[Data records]
──────────
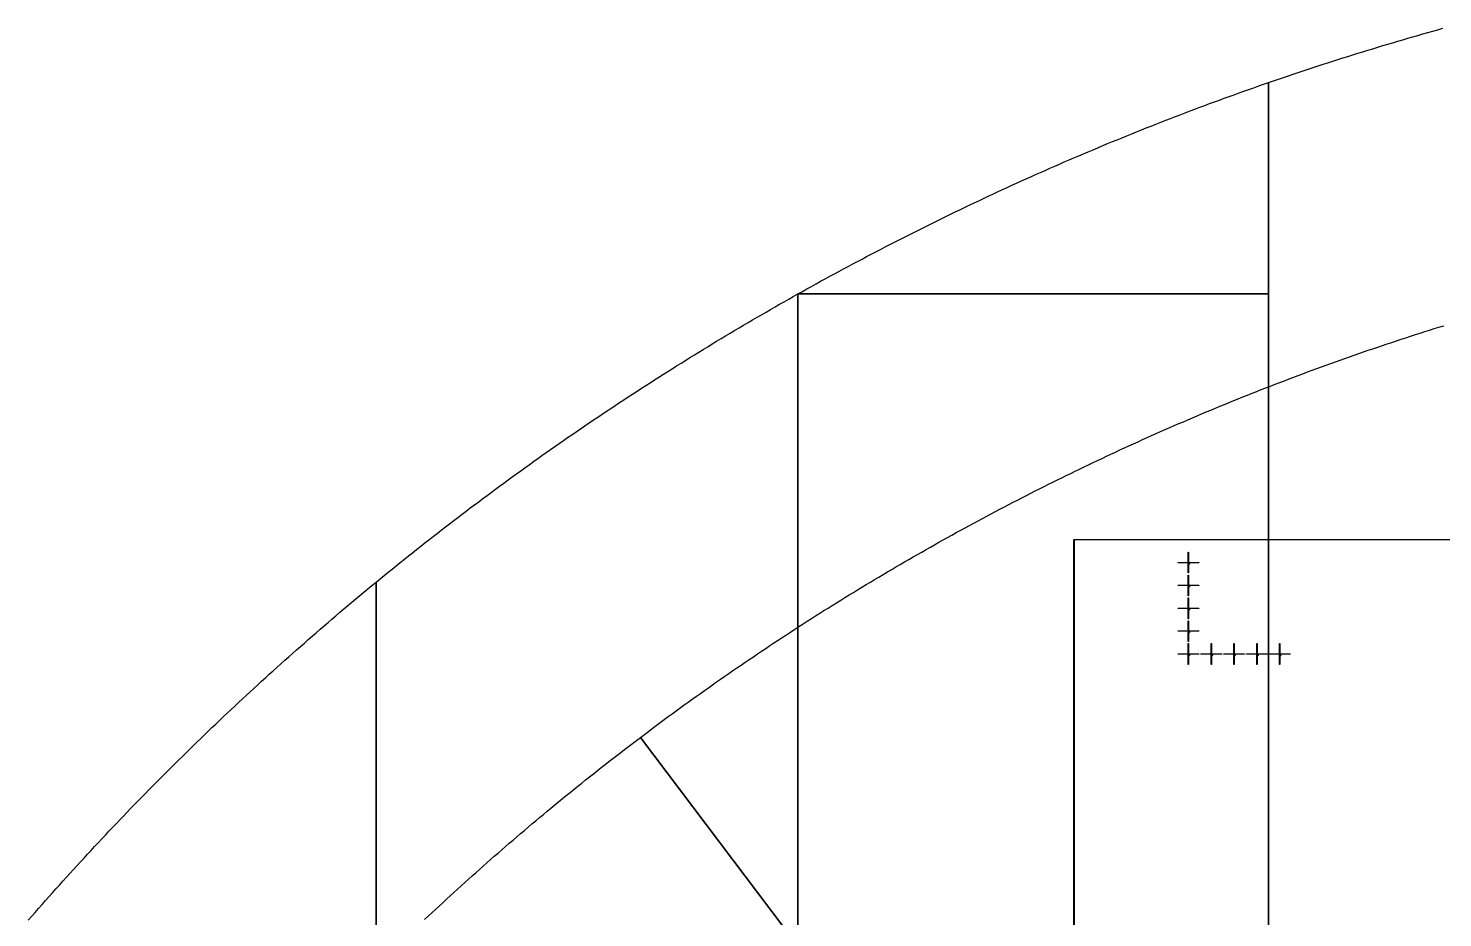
# Model space of a CAD drawing. Extents: x -25400 to 25400, y -24113 to 25400.
# Drawn here: x -19161 to -6775, y 16697 to 24480 of the extents above; entities that cross this region are included whole.
import ezdxf

# ---------------------------------------------------------------- set-up
doc = ezdxf.new("R2010")
doc.units = 0
for name, color, linetype in [('L0D0', 1, 'CONTINUOUS'), ('L1D0', 2, 'CONTINUOUS'), ('L3D0', 3, 'CONTINUOUS')]:
    doc.layers.add(name, color=color, linetype=linetype)

msp = doc.modelspace()

# ---------------------------------------------------------------- linework, layer by layer
at = {"layer": 'L0D0'}
for points in [[(-8299.673, -24005.737), (-8299.673, 24005.737), (-8256.466, 24020.632), (-8213.232, 24035.449), (-8169.972, 24050.188), (-8126.685, 24064.85), (-8083.372, 24079.433), (-8040.032, 24093.939), (-7996.667, 24108.366), (-7953.276, 24122.716), (-7909.859, 24136.987), (-7866.416, 24151.18), (-7822.948, 24165.295), (-7779.454, 24179.332), (-7735.936, 24193.29), (-7692.392, 24207.171), (-7648.823, 24220.972), (-7605.23, 24234.696), (-7561.612, 24248.341), (-7517.97, 24261.907), (-7474.303, 24275.395), (-7430.612, 24288.804), (-7386.897, 24302.135), (-7343.158, 24315.387), (-7299.395, 24328.56), (-7255.609, 24341.655), (-7211.799, 24354.67), (-7167.965, 24367.607), (-7124.109, 24380.465), (-7080.23, 24393.244), (-7036.327, 24405.944), (-6992.402, 24418.565), (-6948.454, 24431.107), (-6904.484, 24443.57), (-6860.491, 24455.953), (-6816.476, 24468.258), (-6772.439, 24480.483)], [(-16115.797, -19632.653), (-16115.797, 19632.653), (-16080.446, 19661.619), (-16045.043, 19690.521), (-16009.587, 19719.359), (-15974.08, 19748.133), (-15938.522, 19776.843), (-15902.911, 19805.49), (-15867.249, 19834.072), (-15831.536, 19862.59), (-15795.771, 19891.043), (-15759.956, 19919.433), (-15724.089, 19947.757), (-15688.171, 19976.018), (-15652.203, 20004.213), (-15616.184, 20032.344), (-15580.114, 20060.41), (-15543.994, 20088.411), (-15507.824, 20116.347), (-15471.603, 20144.217), (-15435.333, 20172.023), (-15399.012, 20199.763), (-15362.641, 20227.438), (-15326.221, 20255.047), (-15289.751, 20282.591), (-15253.232, 20310.069), (-15216.663, 20337.482), (-15180.045, 20364.828), (-15143.378, 20392.109), (-15106.662, 20419.323), (-15069.897, 20446.472), (-15033.083, 20473.554), (-14996.22, 20500.57), (-14959.309, 20527.52), (-14922.35, 20554.403), (-14885.342, 20581.22), (-14848.286, 20607.97), (-14811.182, 20634.653), (-14774.03, 20661.269), (-14736.83, 20687.819), (-14699.582, 20714.302), (-14662.287, 20740.717), (-14624.944, 20767.065), (-14587.554, 20793.347), (-14550.117, 20819.56), (-14512.633, 20845.707), (-14475.101, 20871.786), (-14437.523, 20897.797), (-14399.898, 20923.741), (-14362.227, 20949.617), (-14324.509, 20975.425), (-14286.744, 21001.165), (-14248.933, 21026.838), (-14211.077, 21052.442), (-14173.174, 21077.978), (-14135.225, 21103.445), (-14097.231, 21128.845), (-14059.191, 21154.176), (-14021.105, 21179.439), (-13982.974, 21204.633), (-13944.798, 21229.758), (-13906.576, 21254.815), (-13868.31, 21279.802), (-13829.998, 21304.721), (-13791.642, 21329.571), (-13753.241, 21354.352), (-13714.796, 21379.064), (-13676.306, 21403.706), (-13637.772, 21428.28), (-13599.194, 21452.783), (-13560.572, 21477.218), (-13521.906, 21501.583), (-13483.196, 21525.878), (-13444.443, 21550.104), (-13405.646, 21574.259), (-13366.805, 21598.345), (-13327.922, 21622.361), (-13288.995, 21646.307), (-13250.025, 21670.183), (-13211.012, 21693.989), (-13171.956, 21717.725), (-13132.858, 21741.39), (-13093.718, 21764.985), (-13054.534, 21788.509), (-13015.309, 21811.963), (-12976.042, 21835.346), (-12936.732, 21858.659), (-12897.381, 21881.901), (-12857.988, 21905.071), (-12818.553, 21928.171), (-12779.077, 21951.2), (-12739.559, 21974.158), (-12700, 21997.045), (-12660.4, 22019.861), (-12620.759, 22042.605), (-12581.077, 22065.278), (-12541.355, 22087.88), (-12501.591, 22110.41), (-12461.788, 22132.868), (-12421.944, 22155.255), (-12421.944, -22155.255)], [(-12421.944, -22155.255), (-12421.944, 22155.255), (-8299.673, 22155.255), (-8299.673, -24005.737)], [(0, 0), (-13800.333, 18274.595), (-13765.671, 18300.719), (-13730.96, 18326.777), (-13696.199, 18352.769), (-13661.389, 18378.696), (-13626.53, 18404.556), (-13591.621, 18430.351), (-13556.665, 18456.079), (-13521.659, 18481.741), (-13486.605, 18507.336), (-13451.502, 18532.865), (-13416.351, 18558.328), (-13381.152, 18583.723), (-13345.905, 18609.052), (-13310.61, 18634.314), (-13275.267, 18659.51), (-13239.876, 18684.638), (-13204.438, 18709.699), (-13168.952, 18734.693), (-13133.419, 18759.619), (-13097.839, 18784.478), (-13062.211, 18809.27), (-13026.537, 18833.994), (-12990.816, 18858.65), (-12955.049, 18883.239), (-12919.235, 18907.76), (-12883.374, 18932.213), (-12847.467, 18956.597), (-12811.514, 18980.914), (-12775.515, 19005.163), (-12739.47, 19029.343), (-12703.379, 19053.455), (-12667.243, 19077.499), (-12631.061, 19101.474), (-12594.834, 19125.38), (-12558.562, 19149.217), (-12522.244, 19172.986), (-12485.881, 19196.686), (-12449.474, 19220.317), (-12413.022, 19243.879), (-12376.525, 19267.372), (-12339.984, 19290.796), (-12303.398, 19314.15), (-12266.769, 19337.435), (-12230.095, 19360.65), (-12193.377, 19383.796), (-12156.616, 19406.872), (-12119.81, 19429.879), (-12082.962, 19452.816), (-12046.069, 19475.683), (-12009.134, 19498.479), (-11972.155, 19521.206), (-11935.134, 19543.863), (-11898.069, 19566.449), (-11860.962, 19588.966), (-11823.812, 19611.412), (-11786.62, 19633.787), (-11749.385, 19656.092), (-11712.109, 19678.326), (-11674.79, 19700.49), (-11637.429, 19722.582), (-11600.026, 19744.604), (-11562.582, 19766.555), (-11525.096, 19788.435), (-11487.569, 19810.244), (-11450, 19831.982), (-11412.39, 19853.648), (-11374.74, 19875.243), (-11337.048, 19896.767), (-11299.316, 19918.219), (-11261.543, 19939.6), (-11223.73, 19960.909), (-11185.876, 19982.147), (-11147.982, 20003.312), (-11110.048, 20024.406), (-11072.074, 20045.428), (-11034.061, 20066.377), (-10996.008, 20087.255), (-10957.915, 20108.061), (-10919.783, 20128.794), (-10881.612, 20149.455), (-10843.401, 20170.043), (-10805.152, 20190.56), (-10766.864, 20211.003), (-10728.537, 20231.374), (-10690.171, 20251.672), (-10651.768, 20271.898), (-10613.326, 20292.051), (-10574.845, 20312.131), (-10536.327, 20332.137), (-10497.771, 20352.071), (-10459.177, 20371.932), (-10420.546, 20391.719), (-10381.877, 20411.434), (-10343.171, 20431.075), (-10304.428, 20450.642), (-10265.648, 20470.136), (-10226.831, 20489.557), (-10187.977, 20508.904), (-10149.086, 20528.177), (-10110.159, 20547.376), (-10071.196, 20566.502), (-10032.197, 20585.554), (-9993.161, 20604.532), (-9954.09, 20623.435), (-9914.983, 20642.265), (-9875.84, 20661.021), (-9836.662, 20679.702), (-9797.448, 20698.309), (-9758.2, 20716.842), (-9718.916, 20735.3), (-9679.597, 20753.684), (-9640.244, 20771.993), (-9600.856, 20790.228), (-9561.433, 20808.388), (-9521.976, 20826.473), (-9482.485, 20844.483), (-9442.96, 20862.419), (-9403.401, 20880.279), (-9363.808, 20898.065), (-9324.181, 20915.775), (-9284.521, 20933.41), (-9244.828, 20950.97), (-9205.101, 20968.455), (-9165.341, 20985.865), (-9125.549, 21003.199), (-9085.723, 21020.458), (-9045.865, 21037.641), (-9005.975, 21054.748), (-8966.052, 21071.78), (-8926.096, 21088.736), (-8886.109, 21105.617), (-8846.09, 21122.421), (-8806.039, 21139.15), (-8765.957, 21155.803), (-8725.843, 21172.38), (-8685.697, 21188.881), (-8645.521, 21205.305), (-8605.313, 21221.654), (-8565.075, 21237.926), (-8524.805, 21254.122), (-8484.505, 21270.241), (-8444.175, 21286.284), (-8403.814, 21302.251), (-8363.423, 21318.141), (-8323.002, 21333.955), (-8282.552, 21349.692), (-8242.071, 21365.352), (-8201.561, 21380.936), (-8161.021, 21396.442), (-8120.452, 21411.872), (-8079.854, 21427.225), (-8039.226, 21442.501), (-7998.57, 21457.7), (-7957.886, 21472.821), (-7917.172, 21487.866), (-7876.43, 21502.833), (-7835.66, 21517.724), (-7794.862, 21532.537), (-7754.035, 21547.272), (-7713.181, 21561.93), (-7672.299, 21576.511), (-7631.39, 21591.014), (-7590.453, 21605.44), (-7549.489, 21619.788), (-7508.498, 21634.058), (-7467.479, 21648.251), (-7426.434, 21662.365), (-7385.363, 21676.402), (-7344.264, 21690.361), (-7303.14, 21704.243), (-7261.989, 21718.046), (-7220.812, 21731.771), (-7179.609, 21745.418), (-7138.38, 21758.987), (-7097.126, 21772.478), (-7055.846, 21785.891), (-7014.541, 21799.225), (-6973.21, 21812.481), (-6931.855, 21825.659), (-6890.475, 21838.758), (-6849.07, 21851.779), (-6807.64, 21864.721), (-6766.186, 21877.585)], [(-19160.625, 16674.245), (-19130.592, 16708.693), (-19100.497, 16743.088), (-19070.34, 16777.429), (-19040.122, 16811.715), (-19009.842, 16845.947), (-18979.5, 16880.124), (-18949.096, 16914.247), (-18918.632, 16948.315), (-18888.106, 16982.328), (-18857.519, 17016.286), (-18826.871, 17050.189), (-18796.162, 17084.036), (-18765.392, 17117.829), (-18734.561, 17151.566), (-18703.67, 17185.247), (-18672.718, 17218.873), (-18641.706, 17252.443), (-18610.633, 17285.957), (-18579.501, 17319.416), (-18548.308, 17352.818), (-18517.055, 17386.164), (-18485.741, 17419.454), (-18454.369, 17452.687), (-18422.936, 17485.864), (-18391.444, 17518.984), (-18359.892, 17552.047), (-18328.281, 17585.054), (-18296.61, 17618.004), (-18264.88, 17650.897), (-18233.091, 17683.732), (-18201.243, 17716.51), (-18169.336, 17749.231), (-18137.371, 17781.895), (-18105.346, 17814.501), (-18073.263, 17847.049), (-18041.122, 17879.54), (-18008.922, 17911.972), (-17976.663, 17944.347), (-17944.347, 17976.663), (-17911.972, 18008.922), (-17879.54, 18041.122), (-17847.049, 18073.263), (-17814.501, 18105.346), (-17781.895, 18137.371), (-17749.231, 18169.336), (-17716.51, 18201.243), (-17683.732, 18233.091), (-17650.897, 18264.88), (-17618.004, 18296.61), (-17585.054, 18328.281), (-17552.047, 18359.892), (-17518.984, 18391.444), (-17485.864, 18422.936), (-17452.687, 18454.369), (-17419.454, 18485.741), (-17386.164, 18517.055), (-17352.818, 18548.308), (-17319.416, 18579.501), (-17285.957, 18610.633), (-17252.443, 18641.706), (-17218.873, 18672.718), (-17185.247, 18703.67), (-17151.566, 18734.561), (-17117.829, 18765.392), (-17084.036, 18796.162), (-17050.189, 18826.871), (-17016.286, 18857.519), (-16982.328, 18888.106), (-16948.315, 18918.632), (-16914.247, 18949.096), (-16880.124, 18979.5), (-16845.947, 19009.842), (-16811.715, 19040.122), (-16777.429, 19070.34), (-16743.088, 19100.497), (-16708.693, 19130.592), (-16674.245, 19160.625), (-16639.742, 19190.597), (-16605.185, 19220.506), (-16570.574, 19250.352), (-16535.91, 19280.137), (-16501.193, 19309.859), (-16466.422, 19339.518), (-16431.597, 19369.115), (-16396.72, 19398.649), (-16361.789, 19428.12), (-16326.805, 19457.529), (-16291.769, 19486.874), (-16256.68, 19516.157), (-16221.538, 19545.376), (-16186.343, 19574.532), (-16151.096, 19603.624), (-16115.797, 19632.653), (-16115.797, -19632.653)], [(-15690.361, 16680.005), (-15658.718, 16709.714), (-15627.019, 16739.363), (-15595.263, 16768.952), (-15563.452, 16798.481), (-15531.584, 16827.95), (-15499.661, 16857.358), (-15467.682, 16886.705), (-15435.648, 16915.992), (-15403.558, 16945.218), (-15371.412, 16974.383), (-15339.212, 17003.487), (-15306.956, 17032.53), (-15274.646, 17061.512), (-15242.28, 17090.433), (-15209.86, 17119.292), (-15177.385, 17148.09), (-15144.856, 17176.826), (-15112.272, 17205.5), (-15079.634, 17234.113), (-15046.941, 17262.664), (-15014.195, 17291.152), (-14981.395, 17319.579), (-14948.541, 17347.943), (-14915.633, 17376.245), (-14882.672, 17404.485), (-14849.657, 17432.662), (-14816.589, 17460.776), (-14783.467, 17488.828), (-14750.293, 17516.817), (-14717.065, 17544.743), (-14683.785, 17572.605), (-14650.452, 17600.405), (-14617.066, 17628.142), (-14583.628, 17655.815), (-14550.137, 17683.425), (-14516.594, 17710.971), (-14482.999, 17738.454), (-14449.352, 17765.873), (-14415.653, 17793.228), (-14381.902, 17820.519), (-14348.1, 17847.746), (-14314.246, 17874.909), (-14280.34, 17902.008), (-14246.384, 17929.042), (-14212.376, 17956.012), (-14178.317, 17982.918), (-14144.207, 18009.759), (-14110.046, 18036.535), (-14075.835, 18063.247), (-14041.573, 18089.893), (-14007.26, 18116.475), (-13972.897, 18142.991), (-13938.484, 18169.443), (-13904.021, 18195.829), (-13869.508, 18222.15), (-13834.946, 18248.405), (-13800.333, 18274.595), (0, 0)]]:
    msp.add_lwpolyline(points, dxfattribs=at)
msp.add_lwpolyline([(-12421.944, 22155.255), (-12382.059, 22177.57), (-12342.135, 22199.813), (-12302.171, 22221.984), (-12262.167, 22244.084), (-12222.123, 22266.111), (-12182.04, 22288.067), (-12141.917, 22309.95), (-12101.755, 22331.761), (-12061.553, 22353.499), (-12021.313, 22375.166), (-11981.034, 22396.759), (-11940.716, 22418.281), (-11900.359, 22439.729), (-11859.964, 22461.105), (-11819.53, 22482.409), (-11779.058, 22503.639), (-11738.548, 22524.797), (-11698, 22545.882), (-11657.414, 22566.894), (-11616.791, 22587.832), (-11576.129, 22608.698), (-11535.431, 22629.491), (-11494.695, 22650.21), (-11453.921, 22670.855), (-11413.111, 22691.428), (-11372.264, 22711.927), (-11331.379, 22732.352), (-11290.459, 22752.704), (-11249.501, 22772.982), (-11208.507, 22793.187), (-11167.477, 22813.317), (-11126.411, 22833.374), (-11085.309, 22853.357), (-11044.171, 22873.266), (-11002.997, 22893.101), (-10961.787, 22912.862), (-10920.542, 22932.548), (-10879.262, 22952.16), (-10837.946, 22971.698), (-10796.595, 22991.162), (-10755.21, 23010.551), (-10713.789, 23029.866), (-10672.334, 23049.106), (-10630.844, 23068.271), (-10589.32, 23087.362), (-10547.762, 23106.378), (-10506.169, 23125.32), (-10464.543, 23144.186), (-10422.882, 23162.977), (-10381.188, 23181.694), (-10339.46, 23200.335), (-10297.699, 23218.902), (-10255.904, 23237.393), (-10214.077, 23255.809), (-10172.216, 23274.149), (-10130.322, 23292.415), (-10088.395, 23310.604), (-10046.436, 23328.719), (-10004.444, 23346.758), (-9962.42, 23364.721), (-9920.364, 23382.609), (-9878.275, 23400.421), (-9836.154, 23418.157), (-9794.002, 23435.817), (-9751.818, 23453.402), (-9709.602, 23470.91), (-9667.355, 23488.343), (-9625.077, 23505.699), (-9582.767, 23522.98), (-9540.427, 23540.184), (-9498.055, 23557.312), (-9455.653, 23574.364), (-9413.22, 23591.339), (-9370.757, 23608.238), (-9328.263, 23625.061), (-9285.739, 23641.807), (-9243.185, 23658.477), (-9200.602, 23675.07), (-9157.988, 23691.586), (-9115.345, 23708.026), (-9072.672, 23724.389), (-9029.97, 23740.675), (-8987.238, 23756.884), (-8944.478, 23773.017), (-8901.688, 23789.072), (-8858.87, 23805.05), (-8816.023, 23820.952), (-8773.148, 23836.776), (-8730.244, 23852.523), (-8687.312, 23868.193), (-8644.351, 23883.785), (-8601.363, 23899.3), (-8558.347, 23914.738), (-8515.303, 23930.098), (-8472.232, 23945.381), (-8429.133, 23960.587), (-8386.007, 23975.715), (-8342.854, 23990.765), (-8299.673, 24005.737), (-8299.673, 22155.255)], close=True, dxfattribs=at)
at = {"layer": 'L1D0'}
for points in [[(-9002.75, 19812.5), (-9002.75, 19895.5), (-9000.25, 19895.5), (-9000.25, 19812.5)], [(-9092.5, 19803.25), (-9092.5, 19805.75), (-9009.5, 19805.75), (-9009.5, 19803.25)], [(-9001.7, 19799.5), (-9001.7, 19804.3), (-9006.5, 19804.3), (-9006.5, 19804.7), (-9001.7, 19804.7), (-9001.7, 19809.5), (-9001.3, 19809.5), (-9001.3, 19804.7), (-8996.5, 19804.7), (-8996.5, 19804.3), (-9001.3, 19804.3), (-9001.3, 19799.5)], [(-9002.75, 19713.5), (-9002.75, 19796.5), (-9000.25, 19796.5), (-9000.25, 19713.5)], [(-9002.75, 19612.5), (-9002.75, 19695.5), (-9000.25, 19695.5), (-9000.25, 19612.5)], [(-8995.5, 19793.944), (-8995.5, 19797.5), (-8991.056, 19797.5), (-8991.056, 19796.611), (-8994.611, 19796.611), (-8994.611, 19794.833), (-8991.944, 19794.833), (-8991.944, 19793.944)], [(-8995.5, 19791.278), (-8995.5, 19792.167), (-8991.944, 19792.167), (-8991.944, 19791.278)], [(-8993.5, 19803.25), (-8993.5, 19805.75), (-8910.5, 19805.75), (-8910.5, 19803.25)], [(-8991.944, 19792.167), (-8991.944, 19793.944), (-8991.056, 19793.944), (-8991.056, 19792.167)], [(-9092.5, 19603.25), (-9092.5, 19605.75), (-9009.5, 19605.75), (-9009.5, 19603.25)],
──────────
Try it: Return exactly the lines above from the line that has "import ezdxf" through the line that has "for name, color, linetype", inclusive, and nothing else.

Response to the task:
import ezdxf

# ---------------------------------------------------------------- set-up
doc = ezdxf.new("R2010")
doc.units = 0
for name, color, linetype in [('L0D0', 1, 'CONTINUOUS'), ('L1D0', 2, 'CONTINUOUS'), ('L3D0', 3, 'CONTINUOUS')]:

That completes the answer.